What better way to
close out the week than with CREEPOZOIDS?
Don't answer
that.
Full Moon
Entertainment wasn't just a production house, they were also a
distributor. This here film comes to us from Empire Pictures, a low
budget production house specializing in genre film. That's right. A
low budget genre house production distributed by another low budget
genre house. Truth be told, many of the Full Moon “greats” were
not in-house productions (note the quotation marks). CREEPOZOIDS is
most definitely not one of those greats, but it is most certainly a fine example of what your average direct-to-video Full Moon
release was back in the day.
It is derivative,
cheaply made, poorly acted, features both gratuitous nudity and gore,
contains bad special effects, shoddy writing and a quirky synth
soundtrack. These films were not high art. They were brain candy,
just disposable bits of media that we could chuckle at, masturbate to
and then return not rewound the next day. When I was a kid, these
movies were awesome ways to spend an evening. Whether I rented them
myself or just watched a mini-marathon of them on the USA Network, I
had a blast. I genuinely loved them. But these days… Not so much.
CREEPOZOIDS is an
ALIEN rip-off about five teenagers, all of whom are military
deserters, spending the night in an abandoned (or is it?) research
building. The world outside is consumed by World War III, the nuclear
fallout turning the rain to acid. A quick look around the research
facility reveals it to be the perfect place for our bunch of deserters
to call home. There's food, working electronics and even a shower
(because Linnea Quigley has to take her clothes off somewhere). Only
problem, there's a big ass bug-thing running around and it doesn't
take too kindly to visitors.
Oh and there's giant,
man-eating Muppet rats too.
The nerdy Jesse is
the first to go. He's attacked and manhandled, but found perfectly
fine in bed the next morning. As the groups sits around eating their
lunch, Jesse begins puking up black fluid, mutating horribly before
dropping over dead. With this, the film is off and running. But it
never really goes anywhere. That's the biggest problem with this
film. Stuff happens but it isn't meaningful stuff. With such a small
cast, the film can't just wipe out characters at a speedy clip.

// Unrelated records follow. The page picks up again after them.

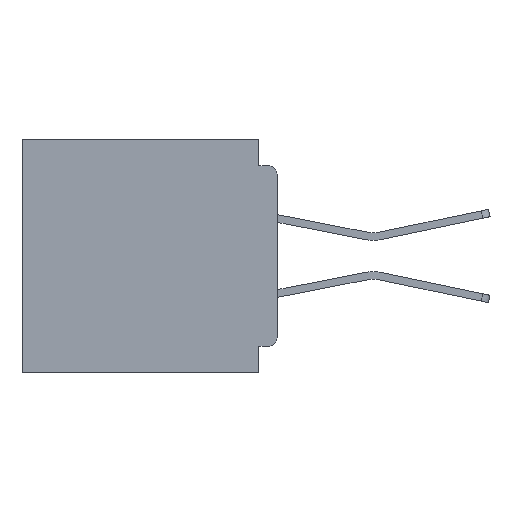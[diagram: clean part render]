
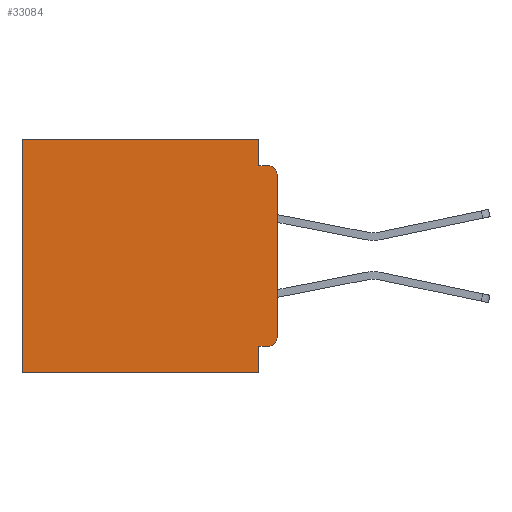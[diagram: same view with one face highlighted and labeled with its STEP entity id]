
A CAD part, left-side view. The second image highlights one B-rep face of the part: STEP entity #33084.
In plain terms, the highlighted planar face has unit normal (-1, 0, 0).
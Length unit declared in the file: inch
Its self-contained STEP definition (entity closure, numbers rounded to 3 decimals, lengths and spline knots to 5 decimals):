
#64 = CARTESIAN_POINT ( 'NONE',  ( 0.3, 0.031, -0.4 ) ) ;
#1370 = VECTOR ( 'NONE', #21460, 39.37008 ) ;
#1861 = VECTOR ( 'NONE', #11931, 39.37008 ) ;
#2813 = LINE ( 'NONE', #64, #1861 ) ;
#2966 = AXIS2_PLACEMENT_3D ( 'NONE', #9903, #30195, #12849 ) ;
#3288 = CARTESIAN_POINT ( 'NONE',  ( 0.3, 0.031, 0. ) ) ;
#3900 = PLANE ( 'NONE',  #2966 ) ;
#4328 = ORIENTED_EDGE ( 'NONE', *, *, #14779, .F. ) ;
#4346 = DIRECTION ( 'NONE',  ( 0., 0., -1. ) ) ;
#4554 = VERTEX_POINT ( 'NONE', #28593 ) ;
#4715 = VERTEX_POINT ( 'NONE', #30193 ) ;
#5822 = VECTOR ( 'NONE', #13192, 39.37008 ) ;
#6791 = CARTESIAN_POINT ( 'NONE',  ( 0.3, 0., -0.34 ) ) ;
#7459 = DIRECTION ( 'NONE',  ( -1., 0., 0. ) ) ;
#7932 = VERTEX_POINT ( 'NONE', #9737 ) ;
#8006 = CARTESIAN_POINT ( 'NONE',  ( 0.3, 0., -0.4 ) ) ;
#8384 = CARTESIAN_POINT ( 'NONE',  ( 0.3, 0.015, -0.355 ) ) ;
#8538 = DIRECTION ( 'NONE',  ( 0., 1., 0. ) ) ;
#8798 = VERTEX_POINT ( 'NONE', #25439 ) ;
#9591 = EDGE_CURVE ( 'NONE', #36145, #4554, #2813, .T. ) ;
#9737 = CARTESIAN_POINT ( 'NONE',  ( 0.3, 0.031, -0.045 ) ) ;
#9769 = DIRECTION ( 'NONE',  ( -1., 0., 0. ) ) ;
#9903 = CARTESIAN_POINT ( 'NONE',  ( 0.3, 0., -0.4 ) ) ;
#10259 = CARTESIAN_POINT ( 'NONE',  ( 0.3, 0.437, -0.4 ) ) ;
#10430 = ORIENTED_EDGE ( 'NONE', *, *, #9591, .F. ) ;
#11022 = DIRECTION ( 'NONE',  ( 0., 1., 0. ) ) ;
#11561 = EDGE_CURVE ( 'NONE', #17364, #7932, #23811, .T. ) ;
#11751 = VECTOR ( 'NONE', #11022, 39.37008 ) ;
#11931 = DIRECTION ( 'NONE',  ( 0., 0., -1. ) ) ;
#12185 = ORIENTED_EDGE ( 'NONE', *, *, #18774, .F. ) ;
#12355 = EDGE_CURVE ( 'NONE', #32141, #13892, #27337, .T. ) ;
#12773 = ORIENTED_EDGE ( 'NONE', *, *, #35599, .F. ) ;
#12849 = DIRECTION ( 'NONE',  ( 0., 0., -1. ) ) ;
#12955 = LINE ( 'NONE', #19062, #35103 ) ;
#12985 = CARTESIAN_POINT ( 'NONE',  ( 0.3, 0.031, 0. ) ) ;
#13192 = DIRECTION ( 'NONE',  ( 0., 0., -1. ) ) ;
#13892 = VERTEX_POINT ( 'NONE', #6791 ) ;
#14047 = ORIENTED_EDGE ( 'NONE', *, *, #24072, .T. ) ;
#14058 = VECTOR ( 'NONE', #8538, 39.37008 ) ;
#14189 = CARTESIAN_POINT ( 'NONE',  ( 0.3, 0.031, -0.355 ) ) ;
#14779 = EDGE_CURVE ( 'NONE', #4554, #8798, #33910, .T. ) ;
#15975 = CIRCLE ( 'NONE', #31363, 0.015 ) ;
#16518 = VERTEX_POINT ( 'NONE', #37479 ) ;
#17364 = VERTEX_POINT ( 'NONE', #12985 ) ;
#17511 = VERTEX_POINT ( 'NONE', #25172 ) ;
#17928 = VECTOR ( 'NONE', #20960, 39.37008 ) ;
#18537 = CARTESIAN_POINT ( 'NONE',  ( 0.3, 0., -0.045 ) ) ;
#18774 = EDGE_CURVE ( 'NONE', #4715, #13892, #12955, .T. ) ;
#19062 = CARTESIAN_POINT ( 'NONE',  ( 0.3, 0., -0.4 ) ) ;
#20960 = DIRECTION ( 'NONE',  ( 0., 0., -1. ) ) ;
#21460 = DIRECTION ( 'NONE',  ( 0., -1., 0. ) ) ;
#22333 = FACE_OUTER_BOUND ( 'NONE', #28326, .T. ) ;
#22366 = ORIENTED_EDGE ( 'NONE', *, *, #12355, .T. ) ;
#22584 = EDGE_CURVE ( 'NONE', #17364, #16518, #37063, .T. ) ;
#23049 = LINE ( 'NONE', #18537, #1370 ) ;
#23457 = CARTESIAN_POINT ( 'NONE',  ( 0.3, 0., 0. ) ) ;
#23485 = EDGE_CURVE ( 'NONE', #16518, #8798, #30028, .T. ) ;
#23811 = LINE ( 'NONE', #3288, #17928 ) ;
#24072 = EDGE_CURVE ( 'NONE', #4715, #17511, #15975, .T. ) ;
#24952 = ORIENTED_EDGE ( 'NONE', *, *, #23485, .T. ) ;
#24977 = CARTESIAN_POINT ( 'NONE',  ( 0.3, 0.015, -0.06 ) ) ;
#25172 = CARTESIAN_POINT ( 'NONE',  ( 0.3, 0.015, -0.045 ) ) ;
#25439 = CARTESIAN_POINT ( 'NONE',  ( 0.3, 0.437, -0.4 ) ) ;
#27171 = CARTESIAN_POINT ( 'NONE',  ( 0.3, 0.015, -0.34 ) ) ;
#27184 = EDGE_CURVE ( 'NONE', #7932, #17511, #23049, .T. ) ;
#27337 = CIRCLE ( 'NONE', #27348, 0.015 ) ;
#27348 = AXIS2_PLACEMENT_3D ( 'NONE', #27171, #9769, #30070 ) ;
#27884 = DIRECTION ( 'NONE',  ( 0., 0., -1. ) ) ;
#28109 = ORIENTED_EDGE ( 'NONE', *, *, #11561, .F. ) ;
#28326 = EDGE_LOOP ( 'NONE', ( #12185, #14047, #33020, #28109, #37471, #24952, #4328, #10430, #12773, #22366 ) ) ;
#28593 = CARTESIAN_POINT ( 'NONE',  ( 0.3, 0.031, -0.4 ) ) ;
#28655 = CARTESIAN_POINT ( 'NONE',  ( 0.3, 0., -0.355 ) ) ;
#29456 = VECTOR ( 'NONE', #32381, 39.37008 ) ;
#30028 = LINE ( 'NONE', #10259, #5822 ) ;
#30070 = DIRECTION ( 'NONE',  ( 0., 0., -1. ) ) ;
#30193 = CARTESIAN_POINT ( 'NONE',  ( 0.3, 0., -0.06 ) ) ;
#30195 = DIRECTION ( 'NONE',  ( 1., 0., 0. ) ) ;
#31363 = AXIS2_PLACEMENT_3D ( 'NONE', #24977, #7459, #27884 ) ;
#32141 = VERTEX_POINT ( 'NONE', #8384 ) ;
#32381 = DIRECTION ( 'NONE',  ( 0., 1., 0. ) ) ;
#33020 = ORIENTED_EDGE ( 'NONE', *, *, #27184, .F. ) ;
#33084 = ADVANCED_FACE ( 'NONE', ( #22333 ), #3900, .F. ) ;
#33910 = LINE ( 'NONE', #8006, #11751 ) ;
#35103 = VECTOR ( 'NONE', #4346, 39.37008 ) ;
#35599 = EDGE_CURVE ( 'NONE', #32141, #36145, #37035, .T. ) ;
#36145 = VERTEX_POINT ( 'NONE', #14189 ) ;
#37035 = LINE ( 'NONE', #28655, #14058 ) ;
#37063 = LINE ( 'NONE', #23457, #29456 ) ;
#37471 = ORIENTED_EDGE ( 'NONE', *, *, #22584, .T. ) ;
#37479 = CARTESIAN_POINT ( 'NONE',  ( 0.3, 0.437, 0. ) ) ;

Instead, it just has people getting kidnapped by the monster,
conveniently found unharmed a few scenes later, so there's more people
to scream and yell the next time the monster shows up.
The giant rats
sometimes show up for no other reason than to have a giant rat attack scene in the
movie. The writers throw a whole lot of science shit around. The
tragic circumstances of the lab are given to us via audio logs, kinda
like in System Shock. But nothing ever really gels or comes to the
forefront of the narrative. We get a lot of information, sure, but
the film forgets to explain why any of it is important or, and this
is the real kicker, why any of this is happening in the first place.
We're told that the
lab was experimenting with artificially created amino acids,
basically trying to create a way for people to no longer need food or
energy. Well, that's really neat, but is that the cause of the
monster? Someone mentions mutants, but we never see them. Is the
monster a mutant? When the movie opens, we see a single scientist in
the lab. Later, Jesse finds a different scientist dead. What happened
here? The audio logs hint at something, but no one seems to care enough to
find out more about it. Why exactly does Jesse mutate, but no one else does?
Why does the monster have a habit of simply knocking people out when
it's more than capable of flat-out killing them? What does Jake
inject into the monster at the end of the film, seemingly killing it?
Why does the monster have a human-looking baby monster burst out of
its chest? Was that only put in the film as a winking ironic reversal
of the classic ALIEN chestburster scenario?
And I know, I know,
it's just a stupid movie so why do I even care? Well, I care because,
believe it or not, these are things any film like this should explain. Yes, even
the cheap ones. There's a fountain of great material here. Nuclear
war. A bunch of teenagers running from their certain deaths on the
front line of combat. A military science installation inexplicably
left deserted. Biological mutation leading to a killer humanoid bug
thing. That's all great stuff to build a movie from, but CREEPOZOIDS
just doesn't give a shit. And I wanted it to give a shit. That's a shit I would have welcomed. I wanted a
shit so bad I could taste it.
Instead, I got a
ridiculous monster, some Quigley nudity, a bunch of silly deaths, stuffed mutant rats, and more questions than the film had answers for. That's all I got. I will admit that I was caught
off guard once during the running time and that was when the obvious
Final Girl becomes bug monster food, leaving us with the bland male
secondary lead for our only survivor. But that's it. That's quite
literally the only time CREEPOZOIDS gave me something interesting to chew on. And if left a lot on the table. There's a great B movie buried somewhere in this film. I just wish I could have been watching that instead.